Task goal
Nothing outside the range is wanted. Repeat exactly the lines below from the one with "#146=VERTEX_POINT('',#145);" through the one with "#173=EDGE_CURVE('E385',#163,#172,#170,.T.);".

Data items:

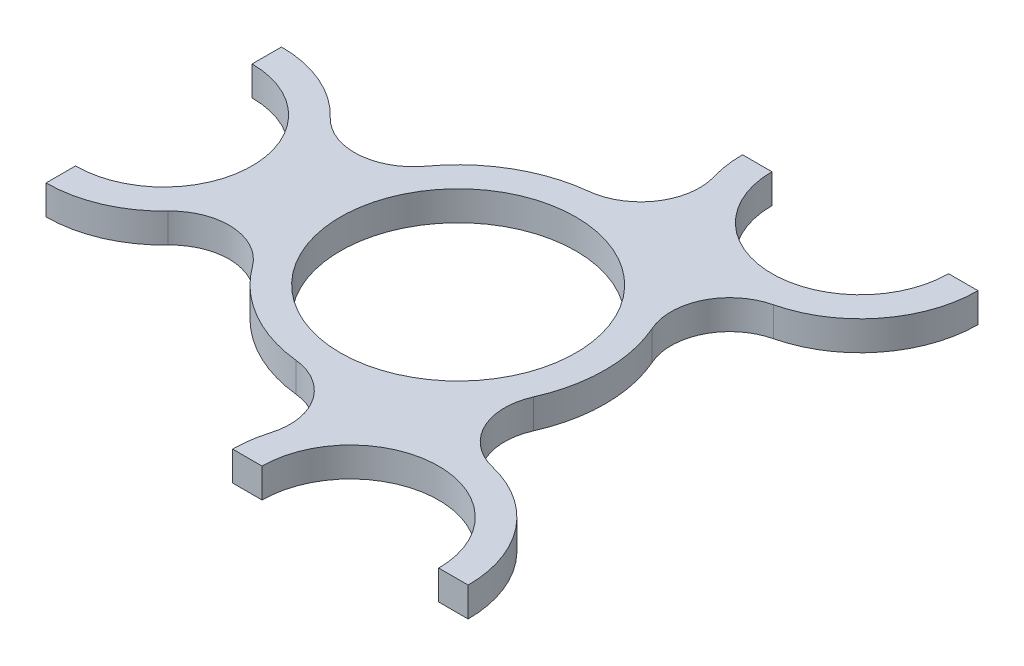
ISO-10303-21;
HEADER;
FILE_DESCRIPTION(('STEP AP214'),'2;1');
FILE_NAME('part.step','',(''),(''),'','','');
FILE_SCHEMA(('AUTOMOTIVE_DESIGN { 1 0 10303 214 1 1 1 1 }'));
ENDSEC;
DATA;
#1=APPLICATION_CONTEXT('core data for automotive mechanical design processes');
#2=APPLICATION_PROTOCOL_DEFINITION('international standard','automotive_design',2000,#1);
#3=PRODUCT_CONTEXT('',#1,'mechanical');
#4=PRODUCT('Part','Part','',(#3));
#5=PRODUCT_RELATED_PRODUCT_CATEGORY('part','',(#4));
#6=PRODUCT_DEFINITION_FORMATION('','',#4);
#7=PRODUCT_DEFINITION_CONTEXT('part definition',#1,'design');
#8=PRODUCT_DEFINITION('design','',#6,#7);
#9=PRODUCT_DEFINITION_SHAPE('','',#8);
#10=(LENGTH_UNIT() NAMED_UNIT(*) SI_UNIT(.MILLI.,.METRE.));
#11=(NAMED_UNIT(*) PLANE_ANGLE_UNIT() SI_UNIT($,.RADIAN.));
#12=(NAMED_UNIT(*) SI_UNIT($,.STERADIAN.) SOLID_ANGLE_UNIT());
#13=UNCERTAINTY_MEASURE_WITH_UNIT(LENGTH_MEASURE(1.E-05),#10,'distance_accuracy_value','');
#14=(GEOMETRIC_REPRESENTATION_CONTEXT(3) GLOBAL_UNCERTAINTY_ASSIGNED_CONTEXT((#13)) GLOBAL_UNIT_ASSIGNED_CONTEXT((#10,
#11,#12)) REPRESENTATION_CONTEXT('',''));
#15=CARTESIAN_POINT('',(0.,0.,0.));
#16=DIRECTION('',(0.,0.,1.));
#17=DIRECTION('',(1.,0.,0.));
#18=AXIS2_PLACEMENT_3D('',#15,#16,#17);
#19=CARTESIAN_POINT('',(50.,10.,86.6));
#20=DIRECTION('',(0.,-1.,0.));
#21=DIRECTION('',(0.,0.,-1.));
#22=AXIS2_PLACEMENT_3D('',#19,#20,#21);
#23=PLANE('',#22);
#24=CARTESIAN_POINT('',(50.,10.,86.6));
#25=DIRECTION('',(0.,-1.,0.));
#26=DIRECTION('',(0.,0.,-1.));
#27=AXIS2_PLACEMENT_3D('',#24,#25,#26);
#28=CIRCLE('',#27,30.);
#29=CARTESIAN_POINT('',(20.,10.,86.6));
#30=VERTEX_POINT('',#29);
#31=CARTESIAN_POINT('',(80.,10.,86.6));
#32=VERTEX_POINT('',#31);
#33=EDGE_CURVE('E277',#30,#32,#28,.T.);
#34=ORIENTED_EDGE('',*,*,#33,.T.);
#35=DIRECTION('',(1.,0.,0.));
#36=VECTOR('',#35,1.);
#37=CARTESIAN_POINT('',(80.,10.,86.6));
#38=LINE('',#37,#36);
#39=CARTESIAN_POINT('',(90.,10.,86.6));
#40=VERTEX_POINT('',#39);
#41=EDGE_CURVE('E145',#32,#40,#38,.T.);
#42=ORIENTED_EDGE('',*,*,#41,.T.);
#43=CARTESIAN_POINT('',(50.,10.,86.6));
#44=DIRECTION('',(0.,1.,0.));
#45=DIRECTION('',(0.,0.,-1.));
#46=AXIS2_PLACEMENT_3D('',#43,#44,#45);
#47=CIRCLE('',#46,40.);
#48=CARTESIAN_POINT('',(59.3596363447783,10.,47.7104486077108));
#49=VERTEX_POINT('',#48);
#50=EDGE_CURVE('E340',#40,#49,#47,.T.);
#51=ORIENTED_EDGE('',*,*,#50,.T.);
#52=CARTESIAN_POINT('',(64.0394545171674,10.,28.2656729115661));
#53=DIRECTION('',(0.,-1.,0.));
#54=DIRECTION('',(0.,0.,1.));
#55=AXIS2_PLACEMENT_3D('',#52,#53,#54);
#56=CIRCLE('',#55,20.);
#57=CARTESIAN_POINT('',(45.7424675122625,10.,20.1897663654044));
#58=VERTEX_POINT('',#57);
#59=EDGE_CURVE('E359',#49,#58,#56,.T.);
#60=ORIENTED_EDGE('',*,*,#59,.T.);
#61=CARTESIAN_POINT('',(0.,10.,0.));
#62=DIRECTION('',(0.,1.,0.));
#63=DIRECTION('',(0.,0.,1.));
#64=AXIS2_PLACEMENT_3D('',#61,#62,#63);
#65=CIRCLE('',#64,50.);
#66=CARTESIAN_POINT('',(45.7424675122625,10.,-20.1897663654044));
#67=VERTEX_POINT('',#66);
#68=EDGE_CURVE('E356',#58,#67,#65,.T.);
#69=ORIENTED_EDGE('',*,*,#68,.T.);
#70=CARTESIAN_POINT('',(64.0394545171674,10.,-28.2656729115661));
#71=DIRECTION('',(0.,-1.,0.));
#72=DIRECTION('',(0.,0.,-1.));
#73=AXIS2_PLACEMENT_3D('',#70,#71,#72);
#74=CIRCLE('',#73,20.);
#75=CARTESIAN_POINT('',(59.3596363447783,10.,-47.7104486077108));
#76=VERTEX_POINT('',#75);
#77=EDGE_CURVE('E358',#67,#76,#74,.T.);
#78=ORIENTED_EDGE('',*,*,#77,.T.);
#79=CARTESIAN_POINT('',(50.,10.,-86.6));
#80=DIRECTION('',(0.,1.,0.));
#81=DIRECTION('',(0.,0.,1.));
#82=AXIS2_PLACEMENT_3D('',#79,#80,#81);
#83=CIRCLE('',#82,40.);
#84=CARTESIAN_POINT('',(90.,10.,-86.6));
#85=VERTEX_POINT('',#84);
#86=EDGE_CURVE('E361',#76,#85,#83,.T.);
#87=ORIENTED_EDGE('',*,*,#86,.T.);
#88=DIRECTION('',(-1.,0.,0.));
#89=VECTOR('',#88,1.);
#90=CARTESIAN_POINT('',(80.,10.,-86.6));
#91=LINE('',#90,#89);
#92=CARTESIAN_POINT('',(80.,10.,-86.6));
#93=VERTEX_POINT('',#92);
#94=EDGE_CURVE('E367',#85,#93,#91,.T.);
#95=ORIENTED_EDGE('',*,*,#94,.T.);
#96=CARTESIAN_POINT('',(50.,10.,-86.6));
#97=DIRECTION('',(0.,-1.,0.));
#98=DIRECTION('',(0.,0.,1.));
#99=AXIS2_PLACEMENT_3D('',#96,#97,#98);
#100=CIRCLE('',#99,30.);
#101=CARTESIAN_POINT('',(20.,10.,-86.6));
#102=VERTEX_POINT('',#101);
#103=EDGE_CURVE('E369',#93,#102,#100,.T.);
#104=ORIENTED_EDGE('',*,*,#103,.T.);
#105=DIRECTION('',(-1.,0.,0.));
#106=VECTOR('',#105,1.);
#107=CARTESIAN_POINT('',(9.99999999999999,10.,-86.6));
#108=LINE('',#107,#106);
#109=CARTESIAN_POINT('',(10.,10.,-86.6));
#110=VERTEX_POINT('',#109);
#111=EDGE_CURVE('E371',#102,#110,#108,.T.);
#112=ORIENTED_EDGE('',*,*,#111,.T.);
#113=CARTESIAN_POINT('',(50.,10.,-86.6));
#114=DIRECTION('',(0.,1.,0.));
#115=DIRECTION('',(0.,0.,1.));
#116=AXIS2_PLACEMENT_3D('',#113,#114,#115);
#117=CIRCLE('',#116,40.);
#118=CARTESIAN_POINT('',(11.6405543302781,10.,-75.2618816414868));
#119=VERTEX_POINT('',#118);
#120=EDGE_CURVE('E373',#110,#119,#117,.T.);
#121=ORIENTED_EDGE('',*,*,#120,.T.);
#122=CARTESIAN_POINT('',(-7.53916850458286,10.,-69.5928224622303));
#123=DIRECTION('',(0.,-1.,0.));
#124=DIRECTION('',(0.,0.,1.));
#125=AXIS2_PLACEMENT_3D('',#122,#123,#124);
#126=CIRCLE('',#125,20.);
#127=CARTESIAN_POINT('',(-5.38512036041633,10.,-49.7091589015931));
#128=VERTEX_POINT('',#127);
#129=EDGE_CURVE('E375',#119,#128,#126,.T.);
#130=ORIENTED_EDGE('',*,*,#129,.T.);
#131=CARTESIAN_POINT('',(0.,10.,0.));
#132=DIRECTION('',(0.,1.,0.));
#133=DIRECTION('',(0.,0.,1.));
#134=AXIS2_PLACEMENT_3D('',#131,#132,#133);
#135=CIRCLE('',#134,50.);
#136=CARTESIAN_POINT('',(-40.3571428571429,10.,-29.5178085299055));
#137=VERTEX_POINT('',#136);
#138=EDGE_CURVE('E377',#128,#137,#135,.T.);
#139=ORIENTED_EDGE('',*,*,#138,.T.);
#140=CARTESIAN_POINT('',(-56.5,10.,-41.3249319418677));
#141=DIRECTION('',(0.,-1.,0.));
#142=DIRECTION('',(0.,0.,1.));
#143=AXIS2_PLACEMENT_3D('',#140,#141,#142);
#144=CIRCLE('',#143,20.);
#145=CARTESIAN_POINT('',(-71.,10.,-27.5499546279118));
#146=VERTEX_POINT('',#145);
#147=EDGE_CURVE('E379',#137,#146,#144,.T.);
#148=ORIENTED_EDGE('',*,*,#147,.T.);
#149=CARTESIAN_POINT('',(-100.,10.,0.));
#150=DIRECTION('',(0.,1.,0.));
#151=DIRECTION('',(0.,0.,1.));
#152=AXIS2_PLACEMENT_3D('',#149,#150,#151);
#153=CIRCLE('',#152,40.);
#154=CARTESIAN_POINT('',(-100.,10.,-40.));
#155=VERTEX_POINT('',#154);
#156=EDGE_CURVE('E381',#146,#155,#153,.T.);
#157=ORIENTED_EDGE('',*,*,#156,.T.);
#158=DIRECTION('',(0.,0.,1.));
#159=VECTOR('',#158,1.);
#160=CARTESIAN_POINT('',(-100.,10.,-30.));
#161=LINE('',#160,#159);
#162=CARTESIAN_POINT('',(-100.,10.,-30.));
#163=VERTEX_POINT('',#162);
#164=EDGE_CURVE('E383',#155,#163,#161,.T.);
#165=ORIENTED_EDGE('',*,*,#164,.T.);
#166=CARTESIAN_POINT('',(-100.,10.,0.));
#167=DIRECTION('',(0.,-1.,0.));
#168=DIRECTION('',(0.,0.,1.));
#169=AXIS2_PLACEMENT_3D('',#166,#167,#168);
#170=CIRCLE('',#169,30.);
#171=CARTESIAN_POINT('',(-100.,10.,30.));
#172=VERTEX_POINT('',#171);
#173=EDGE_CURVE('E385',#163,#172,#170,.T.);
#174=ORIENTED_EDGE('',*,*,#173,.T.);
#175=DIRECTION('',(0.,0.,1.));
#176=VECTOR('',#175,1.);
#177=CARTESIAN_POINT('',(-100.,10.,30.));
#178=LINE('',#177,#176);
#179=CARTESIAN_POINT('',(-100.,10.,40.));
#180=VERTEX_POINT('',#179);
#181=EDGE_CURVE('E387',#172,#180,#178,.T.);
#182=ORIENTED_EDGE('',*,*,#181,.T.);
#183=CARTESIAN_POINT('',(-100.,10.,0.));
#184=DIRECTION('',(0.,1.,0.));
#185=DIRECTION('',(0.,0.,1.));
#186=AXIS2_PLACEMENT_3D('',#183,#184,#185);
#187=CIRCLE('',#186,40.);
#188=CARTESIAN_POINT('',(-71.,10.,27.5499546279118));
#189=VERTEX_POINT('',#188);
#190=EDGE_CURVE('E389',#180,#189,#187,.T.);
#191=ORIENTED_EDGE('',*,*,#190,.T.);
#192=CARTESIAN_POINT('',(-56.5,10.,41.3249319418677));
#193=DIRECTION('',(0.,-1.,0.));
#194=DIRECTION('',(0.,0.,1.));
#195=AXIS2_PLACEMENT_3D('',#192,#193,#194);
#196=CIRCLE('',#195,20.);
#197=CARTESIAN_POINT('',(-40.3571428571428,10.,29.5178085299055));
#198=VERTEX_POINT('',#197);
#199=EDGE_CURVE('E391',#189,#198,#196,.T.);
#200=ORIENTED_EDGE('',*,*,#199,.T.);
#201=CARTESIAN_POINT('',(0.,10.,0.));
#202=DIRECTION('',(0.,1.,0.));
#203=DIRECTION('',(0.,0.,1.));
#204=AXIS2_PLACEMENT_3D('',#201,#202,#203);
#205=CIRCLE('',#204,50.);
#206=CARTESIAN_POINT('',(-5.38512036041633,10.,49.7091589015931));
#207=VERTEX_POINT('',#206);
#208=EDGE_CURVE('E212',#198,#207,#205,.T.);
#209=ORIENTED_EDGE('',*,*,#208,.T.);
#210=CARTESIAN_POINT('',(-7.53916850458286,10.,69.5928224622303));
#211=DIRECTION('',(0.,-1.,0.));
#212=DIRECTION('',(0.,0.,-1.));
#213=AXIS2_PLACEMENT_3D('',#210,#211,#212);
#214=CIRCLE('',#213,20.);
#215=CARTESIAN_POINT('',(11.6405543302781,10.,75.2618816414869));
#216=VERTEX_POINT('',#215);
#217=EDGE_CURVE('E206',#207,#216,#214,.T.);
#218=ORIENTED_EDGE('',*,*,#217,.T.);
#219=CARTESIAN_POINT('',(50.,10.,86.6));
#220=DIRECTION('',(0.,1.,0.));
#221=DIRECTION('',(0.,0.,-1.));
#222=AXIS2_PLACEMENT_3D('',#219,#220,#221);
#223=CIRCLE('',#222,40.);
#224=CARTESIAN_POINT('',(9.99999999999999,10.,86.6));
#225=VERTEX_POINT('',#224);
#226=EDGE_CURVE('E210',#216,#225,#223,.T.);
#227=ORIENTED_EDGE('',*,*,#226,.T.);
#228=DIRECTION('',(1.,0.,0.));
#229=VECTOR('',#228,1.);
#230=CARTESIAN_POINT('',(9.99999999999999,10.,86.6));
#231=LINE('',#230,#229);
#232=EDGE_CURVE('E54',#225,#30,#231,.T.);
#233=ORIENTED_EDGE('',*,*,#232,.T.);
#234=EDGE_LOOP('',(#34,#42,#51,#60,#69,#78,#87,#95,#104,#112,#121,#130,#139,#148,#157,#165,#174,
#182,#191,#200,#209,#218,#227,#233));
#235=FACE_BOUND('',#234,.T.);
#236=CARTESIAN_POINT('',(0.,10.,0.));
#237=DIRECTION('',(0.,1.,0.));
#238=DIRECTION('',(0.,0.,1.));
#239=AXIS2_PLACEMENT_3D('',#236,#237,#238);
#240=CIRCLE('',#239,40.);
#241=CARTESIAN_POINT('',(0.,10.,40.));
#242=VERTEX_POINT('',#241);
#243=EDGE_CURVE('E234',#242,#242,#240,.T.);
#244=ORIENTED_EDGE('',*,*,#243,.F.);
#245=EDGE_LOOP('',(#244));
#246=FACE_BOUND('',#245,.T.);
#247=ADVANCED_FACE('F37',(#235,#246),#23,.F.);
#248=CARTESIAN_POINT('',(50.,0.,86.6));
#249=DIRECTION('',(0.,-1.,0.));
#250=DIRECTION('',(0.,0.,-1.));
#251=AXIS2_PLACEMENT_3D('',#248,#249,#250);
#252=PLANE('',#251);
#253=CARTESIAN_POINT('',(50.,0.,86.6));
#254=DIRECTION('',(0.,-1.,0.));
#255=DIRECTION('',(0.,0.,-1.));
#256=AXIS2_PLACEMENT_3D('',#253,#254,#255);
#257=CIRCLE('',#256,30.);
#258=CARTESIAN_POINT('',(20.,0.,86.6));
#259=VERTEX_POINT('',#258);
#260=CARTESIAN_POINT('',(80.,0.,86.6));
#261=VERTEX_POINT('',#260);
#262=EDGE_CURVE('E230',#259,#261,#257,.T.);
#263=ORIENTED_EDGE('',*,*,#262,.F.);
#264=DIRECTION('',(1.,0.,0.));
#265=VECTOR('',#264,1.);
#266=CARTESIAN_POINT('',(9.99999999999999,0.,86.6));
#267=LINE('',#266,#265);
#268=CARTESIAN_POINT('',(9.99999999999999,0.,86.6));
#269=VERTEX_POINT('',#268);
#270=EDGE_CURVE('E137',#269,#259,#267,.T.);
#271=ORIENTED_EDGE('',*,*,#270,.F.);
#272=CARTESIAN_POINT('',(50.,0.,86.6));
#273=DIRECTION('',(0.,1.,0.));
#274=DIRECTION('',(0.,0.,-1.));
#275=AXIS2_PLACEMENT_3D('',#272,#273,#274);
#276=CIRCLE('',#275,40.);
#277=CARTESIAN_POINT('',(11.6405543302781,0.,75.2618816414869));
#278=VERTEX_POINT('',#277);
#279=EDGE_CURVE('E131',#278,#269,#276,.T.);
#280=ORIENTED_EDGE('',*,*,#279,.F.);
#281=CARTESIAN_POINT('',(-7.53916850458286,0.,69.5928224622303));
#282=DIRECTION('',(0.,-1.,0.));
#283=DIRECTION('',(0.,0.,-1.));
#284=AXIS2_PLACEMENT_3D('',#281,#282,#283);
#285=CIRCLE('',#284,20.);
#286=CARTESIAN_POINT('',(-5.38512036041633,0.,49.7091589015931));
#287=VERTEX_POINT('',#286);
#288=EDGE_CURVE('E220',#287,#278,#285,.T.);
#289=ORIENTED_EDGE('',*,*,#288,.F.);
#290=CARTESIAN_POINT('',(0.,0.,0.));
#291=DIRECTION('',(0.,1.,0.));
#292=DIRECTION('',(0.,0.,1.));
#293=AXIS2_PLACEMENT_3D('',#290,#291,#292);
#294=CIRCLE('',#293,50.);
#295=CARTESIAN_POINT('',(-40.3571428571428,0.,29.5178085299055));
#296=VERTEX_POINT('',#295);
#297=EDGE_CURVE('E272',#296,#287,#294,.T.);
#298=ORIENTED_EDGE('',*,*,#297,.F.);
#299=CARTESIAN_POINT('',(-56.5,0.,41.3249319418677));
#300=DIRECTION('',(0.,-1.,0.));
#301=DIRECTION('',(0.,0.,1.));
#302=AXIS2_PLACEMENT_3D('',#299,#300,#301);
#303=CIRCLE('',#302,20.);
#304=CARTESIAN_POINT('',(-71.,0.,27.5499546279118));
#305=VERTEX_POINT('',#304);
#306=EDGE_CURVE('E270',#305,#296,#303,.T.);
#307=ORIENTED_EDGE('',*,*,#306,.F.);
#308=CARTESIAN_POINT('',(-100.,0.,0.));
#309=DIRECTION('',(0.,1.,0.));
#310=DIRECTION('',(0.,0.,1.));
#311=AXIS2_PLACEMENT_3D('',#308,#309,#310);
#312=CIRCLE('',#311,40.);
#313=CARTESIAN_POINT('',(-100.,0.,40.));
#314=VERTEX_POINT('',#313);
#315=EDGE_CURVE('E268',#314,#305,#312,.T.);
#316=ORIENTED_EDGE('',*,*,#315,.F.);
#317=DIRECTION('',(0.,0.,1.));
#318=VECTOR('',#317,1.);
#319=CARTESIAN_POINT('',(-100.,0.,30.));
#320=LINE('',#319,#318);
#321=CARTESIAN_POINT('',(-100.,0.,30.));
#322=VERTEX_POINT('',#321);
#323=EDGE_CURVE('E266',#322,#314,#320,.T.);
#324=ORIENTED_EDGE('',*,*,#323,.F.);
#325=CARTESIAN_POINT('',(-100.,0.,0.));
#326=DIRECTION('',(0.,-1.,0.));
#327=DIRECTION('',(0.,0.,1.));
#328=AXIS2_PLACEMENT_3D('',#325,#326,#327);
#329=CIRCLE('',#328,30.);
#330=CARTESIAN_POINT('',(-100.,0.,-30.));
#331=VERTEX_POINT('',#330);
#332=EDGE_CURVE('E264',#331,#322,#329,.T.);
#333=ORIENTED_EDGE('',*,*,#332,.F.);
#334=DIRECTION('',(0.,0.,1.));
#335=VECTOR('',#334,1.);
#336=CARTESIAN_POINT('',(-100.,0.,-30.));
#337=LINE('',#336,#335);
#338=CARTESIAN_POINT('',(-100.,0.,-40.));
#339=VERTEX_POINT('',#338);
#340=EDGE_CURVE('E262',#339,#331,#337,.T.);
#341=ORIENTED_EDGE('',*,*,#340,.F.);
#342=CARTESIAN_POINT('',(-100.,0.,0.));
#343=DIRECTION('',(0.,1.,0.));
#344=DIRECTION('',(0.,0.,1.));
#345=AXIS2_PLACEMENT_3D('',#342,#343,#344);
#346=CIRCLE('',#345,40.);
#347=CARTESIAN_POINT('',(-71.,0.,-27.5499546279118));
#348=VERTEX_POINT('',#347);
#349=EDGE_CURVE('E260',#348,#339,#346,.T.);
#350=ORIENTED_EDGE('',*,*,#349,.F.);
#351=CARTESIAN_POINT('',(-56.5,0.,-41.3249319418677));
#352=DIRECTION('',(0.,-1.,0.));
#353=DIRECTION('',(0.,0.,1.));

Result for this task
#146=VERTEX_POINT('',#145);
#147=EDGE_CURVE('E379',#137,#146,#144,.T.);
#148=ORIENTED_EDGE('',*,*,#147,.T.);
#149=CARTESIAN_POINT('',(-100.,10.,0.));
#150=DIRECTION('',(0.,1.,0.));
#151=DIRECTION('',(0.,0.,1.));
#152=AXIS2_PLACEMENT_3D('',#149,#150,#151);
#153=CIRCLE('',#152,40.);
#154=CARTESIAN_POINT('',(-100.,10.,-40.));
#155=VERTEX_POINT('',#154);
#156=EDGE_CURVE('E381',#146,#155,#153,.T.);
#157=ORIENTED_EDGE('',*,*,#156,.T.);
#158=DIRECTION('',(0.,0.,1.));
#159=VECTOR('',#158,1.);
#160=CARTESIAN_POINT('',(-100.,10.,-30.));
#161=LINE('',#160,#159);
#162=CARTESIAN_POINT('',(-100.,10.,-30.));
#163=VERTEX_POINT('',#162);
#164=EDGE_CURVE('E383',#155,#163,#161,.T.);
#165=ORIENTED_EDGE('',*,*,#164,.T.);
#166=CARTESIAN_POINT('',(-100.,10.,0.));
#167=DIRECTION('',(0.,-1.,0.));
#168=DIRECTION('',(0.,0.,1.));
#169=AXIS2_PLACEMENT_3D('',#166,#167,#168);
#170=CIRCLE('',#169,30.);
#171=CARTESIAN_POINT('',(-100.,10.,30.));
#172=VERTEX_POINT('',#171);
#173=EDGE_CURVE('E385',#163,#172,#170,.T.);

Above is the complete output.